In my view, contracts for work can involve continuing obligations. Electronic-communications contracts or contracts for daily cleaning services would also be appropriate examples here. Consequently, the continuous nature of certain digital services, among them the provision of cloud services, should not rule out the qualification of any specific contract as a contract for work under Estonian law.

4. Conclusion

This article presented an analysis of the qualification of contracts for the supply of digital content and digital services under Estonian law. Particular focus was placed on cloud services contracts and software as a service contracts.

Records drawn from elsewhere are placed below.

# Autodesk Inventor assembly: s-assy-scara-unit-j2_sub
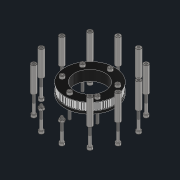
[picture p0: Inventor's stored thumbnail of the model, 180x180]
Saved by Autodesk Inventor 2022 (Build 260153000, 153)
## iProperties
Created: 2021-07-12
Document SubType Name: Assembly
Designer: yuta0
Mass: 2750.98 g
Surface Area: 6960.57 cm^2
Volume: 1238.47 cm^3
Density: 2.22127 g/cm^3
Part Number: s-assy-scara-unit-j2_sub
Author: yuta0
## Documents named in this file (6)
- C:\Users\yuta0\Desktop\assy-scara\s-assy-scara-unit-j2_sub.iam
- C:\Users\yuta0\Desktop\assy-scara\scara-base2.ipt
- C:\Users\yuta0\Desktop\assy-scara\CB4-35.ipt
- C:\Users\yuta0\Desktop\assy-scara\ARF-440E.ipt
- C:\Users\yuta0\Desktop\assy-scara\LBNR4.ipt
- C:\Users\yuta0\Documents\GitHub\catchrobo_hardware\assy-robot\s-assy-unit-j3.iam
## Components (31 placed, 4 different names)
1. scara-base2:1 — メイト:113, メイト:114
2. CB4-35:2 — メイト:113, メイト:114
3. CB4-35:3
4. CB4-35:4
5. CB4-35:5
6. CB4-35:6
7. CB4-35:7
8. ARF-440E:1
9. CB4-35:8
10. ARF-440E:2
11. CB4-35:9
12. ARF-440E:3
13. CB4-35:10
14. ARF-440E:4
15. CB4-35:11
16. ARF-440E:5
17. CB4-35:12
18. ARF-440E:6
19. CB4-35:13
20. ARF-440E:7
21. CB4-35:14
22. ARF-440E:8
23. CB4-35:15
24. ARF-440E:9
25. CB4-35:16
26. ARF-440E:10
27. CB4-35:17
28. CB4-35:18 — メイト:121
29. LBNR4:1 — メイト:121
30. CB4-35:19
31. LBNR4:2
## Component patterns: (6 elements, first: CB4-35:2), (10 elements, first: ARF-440E:1 + CB4-35:8), (2 elements, first: CB4-35:18 + LBNR4:1)
## Relationships (3: Mate 3)
- メイト:113 [Mate]: scara-base2:1 ↔ CB4-35:2
- メイト:114 [Mate]: scara-base2:1 ↔ CB4-35:2
- メイト:121 [Mate]: CB4-35:18 ↔ LBNR4:1

As the object of a lease contract has to be a thing, concluding a lease contract is certainly a possible form for the supply of digital content or digital services where the digital content is stored on some physical medium and this medium is delivered to the consumer under the lease contract. Furthermore, German court practice qualifies cloud-services contracts as lease contracts even if no thing is delivered, as long as the software is stored somewhere on some physical medium. To my knowledge, no similar court practice exists in Estonia, and, therefore, the question arises of whether granting use of a thing could also be interpreted so broadly under Estonian law. It is my opinion that the benefit the consumer receives under such a contract is not the use of a thing and the connection to an actual physical thing (for example, a server) cannot be so remote.

In the case of a usufructuary lease contract, the object of the contract can be an incorporeal object. Yet another distinguishing characteristic of a usufructuary lease contract, under Estonian law and under German law as well, remains: the element of obtaining fruit. This requirement excludes the possibility of qualifying such contracts as usufructuary lease contracts.

The supply of digital content and digital services, including the provision of cloud services, is normally oriented toward achievement of a result. This orientation is characteristic of contracts for work; therefore, contracts for the supply of digital services should be qualified as contracts for work rather than contracts for services, in practice. Said qualification is not precluded by the continuous supply of digital services, as contracts for work may well involve continuing obligations. Likewise, this conclusion should not be affected by the fact that providing the digital service may be linked also to actions of third parties, such as the consumer’s Internet service provider.

Whether the obligations of the trader are rather more characteristic of work or of lease is difficult to ascertain precisely. On the one hand, the consumer has the opportunity to use software, but, on the other hand, the obligation to ensure continuous access can be seen as a specific result that is dependent on the actions of the trader. At the same time, unlike in the case of lease contracts, when one applies the rules pertaining to contracts for work, the supply of digital content or digital services presents no difficulties related to the object of the contract or in relation to subjecting the obligations of the consumer to the rules on contracts for work. Therefore, cloud-services contracts and software-as-a-service contracts should be qualified as contracts for work, not as leasing contracts, under Estonian law. Accordingly, there is no need to apply the rules on lease contracts by way of analogy.